Texte établi par L’Auteur Éditeur (p. 88-92).

LA GRAND’PINIÈRE


Passé le bois prochain, vient la « Grand’Pinière » qui n’a plus de pins ; des champs de seigle ont remplacé les bois verts géants ; à gauche et à droite cette plaine fuit à perte de vue avant la côte sablonneuse, avant la savane. Le bon silence accompagne l’immense clairière, aux heures nocturnes. De loin en loin, une lueur de feu follet s’élève mystérieusement, tant que la neige ne couvre pas le sol. La légende, corroborée par certain vieillard que j’ai connu, veut que ces lumières dans l’ombre indiquent des trésors cachés par d’anciens soldats des armées françaises, avant la cession du pays (1763). Un bosquet de cyprès y renaît dans un coin de champ jadis labouré ; j’ai vu ces arbres naissants, longs comme les doigts de la main.

La maison du père Joessin était bâtie à quelques pas de la côte, habitation des plus simples : 18 pieds carrés, sans division, un banc des seaux, table, sofa, poêle et armoire, meublée à la manière de Saint-Joseph, je suppose : seulement Pierre Joessin, s’il ne manquait pas de bravoure n’avait pas le caractère conciliant de l’époux de Marie : il habituait ses enfants à se battre entre eux, de sorte que, plus tard, étant hommes faits, lorsqu’ils allèrent travailler en journée, soit à la construction ou au chargement des bateaux, Moïse et Pierre, fils, après un devoir ardu et bien rempli, se dépêchaient, le midi, d’expédier leur maigre dîner pour ensuite, au plus tôt faire l’appel à tous les compagnons de travail, étant donné que comme leur galant adversaire, parfois ami, Francis Grenier, une bonne demie heure de bataille les délassait, les rendait de bonne humeur et les mettait en train de faire un meilleur après-midi d’ouvrage, et cet après-midi se terminait alors à 7½ ou 8 heures du soir, le tout, bataille comprise, pour une trentaine de sous.

La moitié au moins de ces sous, était vite dépensée en boisson ; ces gens aux bras de fer, à l’endurance merveilleuse, imitaient les oiseaux du ciel en ce qui regarde leur avenir. Dire qu’ils ont atteint un âge avancé à ce régime sévère !

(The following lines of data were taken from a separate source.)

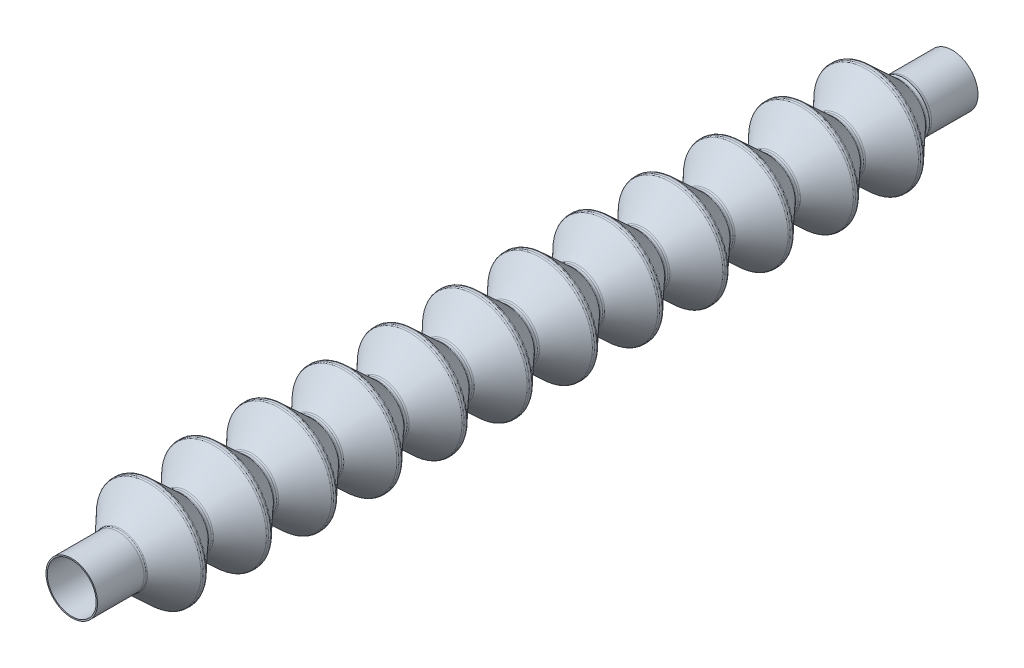
SolidWorks part; units mm, degrees
ref_plane "Front Plane" through (0, 0, 0) normal (0, 0, 1) x (1, 0, 0)
ref_plane "Top Plane" through (0, 0, 0) normal (0, 1, 0) x (1, 0, 0)
ref_plane "Right Plane" through (0, 0, 0) normal (1, 0, 0) x (0, 0, -1)
sketch "Sketch1" plane through (0, 0, 0) normal (1, 0, 0) x (0, 0, -1)
  line L0 (-152.4, 0) -> (152.4, 0) construction
  line L1 (0, -20.6375) -> (0, 20.6375) construction
  line L2 (-152.4, -9.525) -> (-152.4, 9.525) construction
  line L3 (-152.4, 0) -> (-171.45, 0) construction
  line L4 (152.4, 0) -> (171.45, 0) construction
  point P0 (-85.725, 0)
  point P3 (-152.4, 20.6375)
  point P4 (0, 0)
  point P8 (0, 0)
  point P11 (-152.4, 0)
  point P12 (0, 20.1295)
  point P13 (-152.4, 4.7625)
  point P14 (152.4, 20.6375)
  dimension "Retracted Length" = 66.675
  dimension "OD" = 41.275
  dimension "ID" = 19.05
  dimension "Required ID Clearance" = 4.7625
  dimension "Extended Length" = 304.8
  dimension "Cuff Length" = 19.05
sketch "Sketch2" plane through (0, 0, 0) normal (1, 0, 0) x (0, 0, -1)
  line L1 (-152.4, 9.525) -> (152.4, 9.525) construction
  line L7 (-152.4, 10.2195) -> (-141.224, 20.6375)
  line L9 (-152.4, 9.525) -> (-141.224, 19.943) construction
  line L108 (-153.8304, 10.8584) -> (-152.4, 9.525) construction
  line L109 (-152.4, 9.525) -> (-140.8776, 20.2659) construction
  line L163 (-152.4, 20.6375) -> (152.4, 20.6375) construction
  line L164 (-141.224, 20.6375) -> (-139.7, 20.6375)
  line L165 (-139.7, 20.6375) -> (-128.524, 10.2195)
  line L166 (-141.224, 19.943) -> (-139.7, 19.943) construction
  line L167 (-139.7, 19.943) -> (-128.524, 9.525) construction
  line L168 (-152.4, 9.525) -> (-141.224, 19.943)
  line L169 (-128.524, 10.2195) -> (-127, 10.2195)
  line L170 (-127, 10.2195) -> (-115.824, 20.6375)
  line L171 (-141.224, 19.943) -> (-139.7, 19.943)
  line L172 (-115.824, 20.6375) -> (-114.3, 20.6375)
  line L173 (-114.3, 20.6375) -> (-103.124, 10.2195)
  line L174 (-103.124, 10.2195) -> (-101.6, 10.2195)
  line L175 (-153.484, 11.23) -> (-152.4, 10.2195) construction
  line L176 (-101.6, 10.2195) -> (-90.424, 20.6375)
  line L177 (-90.424, 20.6375) -> (-88.9, 20.6375)
  line L178 (-88.9, 20.6375) -> (-77.724, 10.2195)
  line L179 (-77.724, 10.2195) -> (-76.2, 10.2195)
  line L180 (-76.2, 10.2195) -> (-65.024, 20.6375)
  line L181 (-65.024, 20.6375) -> (-63.5, 20.6375)
  line L182 (-63.5, 20.6375) -> (-52.324, 10.2195)
  line L183 (-52.324, 10.2195) -> (-50.8, 10.2195)
  line L184 (-50.8, 10.2195) -> (-39.624, 20.6375)
  line L185 (-39.624, 20.6375) -> (-38.1, 20.6375)
  line L186 (-38.1, 20.6375) -> (-26.924, 10.2195)
  line L187 (-26.924, 10.2195) -> (-25.4, 10.2195)
  line L188 (-25.4, 10.2195) -> (-14.224, 20.6375)
  line L189 (-14.224, 20.6375) -> (-12.7, 20.6375)
  line L190 (-12.7, 20.6375) -> (-1.524, 10.2195)
  line L191 (-1.524, 10.2195) -> (0, 10.2195)
  line L192 (0, 10.2195) -> (11.176, 20.6375)
  line L193 (11.176, 20.6375) -> (12.7, 20.6375)
  line L194 (12.7, 20.6375) -> (23.876, 10.2195)
  line L195 (23.876, 10.2195) -> (25.4, 10.2195)
  line L196 (25.4, 10.2195) -> (36.576, 20.6375)
  line L197 (36.576, 20.6375) -> (38.1, 20.6375)
  line L198 (38.1, 20.6375) -> (49.276, 10.2195)
  line L199 (49.276, 10.2195) -> (50.8, 10.2195)
  line L200 (50.8, 10.2195) -> (61.976, 20.6375)
  line L201 (61.976, 20.6375) -> (63.5, 20.6375)
  line L202 (63.5, 20.6375) -> (74.676, 10.2195)
  line L203 (74.676, 10.2195) -> (76.2, 10.2195)
  line L204 (76.2, 10.2195) -> (87.376, 20.6375)
  line L205 (87.376, 20.6375) -> (88.9, 20.6375)
  line L206 (88.9, 20.6375) -> (100.076, 10.2195)
  line L207 (100.076, 10.2195) -> (101.6, 10.2195)
  line L208 (101.6, 10.2195) -> (112.776, 20.6375)
  line L209 (112.776, 20.6375) -> (114.3, 20.6375)
  line L210 (114.3, 20.6375) -> (125.476, 10.2195)
  line L211 (125.476, 10.2195) -> (127, 10.2195)
  line L212 (127, 10.2195) -> (138.176, 20.6375)
  line L213 (138.176, 20.6375) -> (139.7, 20.6375)
  line L214 (139.7, 20.6375) -> (150.876, 10.2195)
  line L215 (150.876, 10.2195) -> (152.4, 10.2195)
  line L231 (-139.7, 19.943) -> (-128.524, 9.525)
  line L232 (-128.524, 9.525) -> (-127, 9.525)
  line L235 (-127, 9.525) -> (-115.824, 19.943)
  line L236 (-115.824, 19.943) -> (-114.3, 19.943)
  line L237 (-114.3, 19.943) -> (-103.124, 9.525)
  line L238 (-103.124, 9.525) -> (-101.6, 9.525)
  line L239 (-101.6, 9.525) -> (-90.424, 19.943)
  line L240 (-90.424, 19.943) -> (-88.9, 19.943)
  line L241 (-88.9, 19.943) -> (-77.724, 9.525)
  line L242 (-77.724, 9.525) -> (-76.2, 9.525)
  line L243 (-76.2, 9.525) -> (-65.024, 19.943)
  line L244 (-65.024, 19.943) -> (-63.5, 19.943)
  line L245 (-63.5, 19.943) -> (-52.324, 9.525)
  line L246 (-52.324, 9.525) -> (-50.8, 9.525)
  line L247 (-50.8, 9.525) -> (-39.624, 19.943)
  line L248 (-39.624, 19.943) -> (-38.1, 19.943)
  line L249 (-38.1, 19.943) -> (-26.924, 9.525)
  line L250 (-26.924, 9.525) -> (-25.4, 9.525)
  line L251 (-25.4, 9.525) -> (-14.224, 19.943)
  line L252 (-14.224, 19.943) -> (-12.7, 19.943)
  line L253 (-12.7, 19.943) -> (-1.524, 9.525)
  line L254 (-1.524, 9.525) -> (0, 9.525)
  line L255 (0, 9.525) -> (11.176, 19.943)
  line L256 (11.176, 19.943) -> (12.7, 19.943)
  line L257 (12.7, 19.943) -> (23.876, 9.525)
  line L258 (23.876, 9.525) -> (25.4, 9.525)
  line L259 (25.4, 9.525) -> (36.576, 19.943)
  line L260 (36.576, 19.943) -> (38.1, 19.943)
  line L261 (38.1, 19.943) -> (49.276, 9.525)
  line L262 (49.276, 9.525) -> (50.8, 9.525)
  line L263 (50.8, 9.525) -> (61.976, 19.943)
  line L264 (61.976, 19.943) -> (63.5, 19.943)
  line L265 (63.5, 19.943) -> (74.676, 9.525)
  line L266 (74.676, 9.525) -> (76.2, 9.525)
  line L267 (76.2, 9.525) -> (87.376, 19.943)
  line L268 (87.376, 19.943) -> (88.9, 19.943)
  line L269 (88.9, 19.943) -> (100.076, 9.525)
  line L270 (100.076, 9.525) -> (101.6, 9.525)
  line L271 (101.6, 9.525) -> (112.776, 19.943)
  line L272 (112.776, 19.943) -> (114.3, 19.943)
  line L273 (114.3, 19.943) -> (125.476, 9.525)
  line L274 (125.476, 9.525) -> (127, 9.525)
  line L275 (127, 9.525) -> (138.176, 19.943)
  line L276 (138.176, 19.943) -> (139.7, 19.943)
  line L277 (139.7, 19.943) -> (150.876, 9.525)
  line L278 (150.876, 9.525) -> (152.4, 9.525)
  line L294 (-152.4, 9.525) -> (-152.4, 10.2195)
  line L295 (152.4, 9.525) -> (152.4, 10.2195)
  line L297 (152.4, 10.2195) -> (163.576, 20.6375) [skipped]
  point P10 (-127.762, 10.2195)
  dimension "D2" = 0.508
  dimension "D1" = 1.524
  dimension "D5" = 25.4
  dimension "D4" = 12.7
  dimension "D3" = 12
  dimension "D6" = 2
revolve "Revolve3" add sketch "Sketch2" angle 360 about L0
sketch "Sketch5" plane through (0, 0, 0) normal (1, 0, 0) x (0, 0, -1)
  line L2 (-152.4, 9.525) -> (-152.4, 10.033)
  line L7 (-152.4, 10.033) -> (-171.45, 10.033)
  line L29 (-171.45, 10.033) -> (-171.45, 9.525)
  line L30 (-171.45, 9.525) -> (-152.4, 9.525)
  line L31 (152.4, 9.525) -> (171.45, 9.525)
  line L32 (171.45, 9.525) -> (171.45, 10.033)
  line L33 (171.45, 10.033) -> (152.4, 10.033)
  line L34 (152.4, 10.033) -> (152.4, 9.525)
  dimension "D1" = 0.508
revolve "Revolve2" add sketch "Sketch5" angle 360 about L3
fillet "Fillet3" radius 2.54 2 edges at (0, 10.033, -152.4) (0, 10.033, 152.4)
fillet "Fillet1" radius 0.889 24 edges at (0, -10.2195, -150.876) (0, -20.6375, -139.7) (0, -10.2195, -125.476) (0, -20.6375, -114.3) (0, -10.2195, -100.076) (0, -20.6375, -88.9) (0, -10.2195, -74.676) (0, -20.6375, -63.5) (0, -10.2195, -49.276) (0, -20.6375, -38.1) (0, -10.2195, -23.876) (0, -20.6375, -12.7) (0, -10.2195, 1.524) (0, -20.6375, 12.7) (0, -10.2195, 26.924) (0, -20.6375, 38.1) (0, -10.2195, 52.324) (0, -20.6375, 63.5) (0, -10.2195, 77.724) (0, -20.6375, 88.9) (0, -10.2195, 103.124) (0, -20.6375, 114.3) (0, -10.2195, 128.524) (0, -20.6375, 139.7)
fillet "Fillet2" radius 0.889 24 edges at (0, -10.2195, 152.4) (0, -20.6375, -138.176) (0, -10.2195, -127) (0, -20.6375, -112.776) (0, -10.2195, -101.6) (0, -20.6375, -87.376) (0, -10.2195, -76.2) (0, -20.6375, -61.976) (0, -10.2195, -50.8) (0, -20.6375, -36.576) (0, -10.2195, -25.4) (0, -20.6375, -11.176) (0, -10.2195, 0) (0, -20.6375, 14.224) (0, -10.2195, 25.4) (0, -20.6375, 39.624) (0, -10.2195, 50.8) (0, -20.6375, 65.024) (0, -10.2195, 76.2) (0, -20.6375, 90.424) (0, -10.2195, 101.6) (0, -20.6375, 115.824) (0, -10.2195, 127) (0, -20.6375, 141.224)
sketch "Sketch3" plane through (0, 0, 0) normal (1, 0, 0) x (0, 0, -1)
  line L0 (-171.45, 0) -> (171.45, 0) construction
  point P7 (-64.262, 0)
  point P8 (62.738, 0)
  dimension "D1" = 64.262
  dimension "D2" = 62.738
sketch "Sketch6" plane through (0, 0, 0) normal (0, 0, 1) x (1, 0, 0)
  line L0 (-9.525, 0) -> (9.525, 0)
  line L2 (-20.6375, 0) -> (20.6375, 0)
  point P4 (0, 0)
  point P8 (0, 0)
  point P9 (-9.525, 0)
  point P10 (20.6375, 0)
  point P11 (-20.6375, 0)
  dimension "D1" = 41.275
  dimension "D2" = 19.05
equation "\"D2@Sketch2\"=\"Thickness@Sketch1\""
equation "\"D1@Sketch3\"=( \"D4@Sketch2\" * 5 )  + \"Thickness@Sketch1\"*1.5"
equation "\"D2@Sketch3\"=\"D1@Sketch3\" - (\"Thickness@Sketch1\"*3)"
equation "\"D1@Sketch2\"=\"Thickness@Sketch1\"*3"
equation "\"D1@Sketch5\"=\"thickness@sketch1\""
equation "\"D1@Sketch6\"=\"od@sketch1\""
equation "\"D2@Sketch6\"=\"id@sketch1\""

Un jour Madame Pierre Joessin Caisse dit à son mari d’aller à la sucrerie, à St-Henri, chercher son grand chaudron, lequel devait servir à la lessive. Quelques heures s’étaient écoulées et Pierre Joessin revenait à travers le bois : le chemin de ligne ne fut terminé qu’en 1834. D’une main il tenait son grand chaudron en équilibre sur sa tête, et de l’autre tenait son fusil.

Au détour d’un buisson, un petit ours noir, au nez rouge, venait folâtrer autour du bonhomme, un coup de feu l’abattit raide mort, après un petit grognement plaintif ; un bruit de pas se fit entendre, le chasseur jeta une poignée de poudre, une bourre dans son arme et quelques grains de plomb, il était temps, la mère d’ours, énorme, monstrueuse, s’élançait sur lui, la gueule ouverte ; mais cette gueule se refermait à l’instant sur le canon et le coup de fusil : la bête mourait, pendant que Joessin rechargeait son arme encore pour abattre, lentement cette fois, mais gardant encore sur sa tête pesante le gros chaudron de fer, pour tuer un dernier ourson grimpé au faite d’un sapin.

« Jésus mon maître, grommela le bonhomme, je vais monter la côte en deux voyages avec tout ce drigail, le chaudron aussi : mais je laisserai ça là ; petit Pierre et Moise les prendront là. »

Si, pour l’instant on tourne à gauche, au « seurouet », en montant, on trouvait deux maisons, à quinze et vingt arpents du chemin de ligne, au bord de la savane, encore celles du père Barthel et de Baptiste Frédéric Faust avant le retour de ceux-ci au village. Des ours, pas peureux, rendaient quelquefois visite, sans invitation aucune, incongrûment, à nos braves colons. Un soir Barthel accourait au cri de son cochon qu’un ours s’efforçait de convaincre à le suivre dans le bois en le tirant trop fort, à belle dent, par l’oreille : « Tondu, tondu, » s’écriait Barthel, « tu gagneras pas : on va toujours voir lequel de nous deux est maître ici, » en retirant à lui le pauvre animal qu’il engraissait depuis un mois, « tu ne l’auras pas encore. » Et l’ours découragé devant la ténacité du maître lâchait enfin sa proie.

Ô cette forêt, cette savane toute proche, avait ses mystères.

Voici la clairière, l’horizon s’élargit du sud au nord : une prairie naturelle se balance à la brise, prairie traversée de sa petite Rivière St-Jean.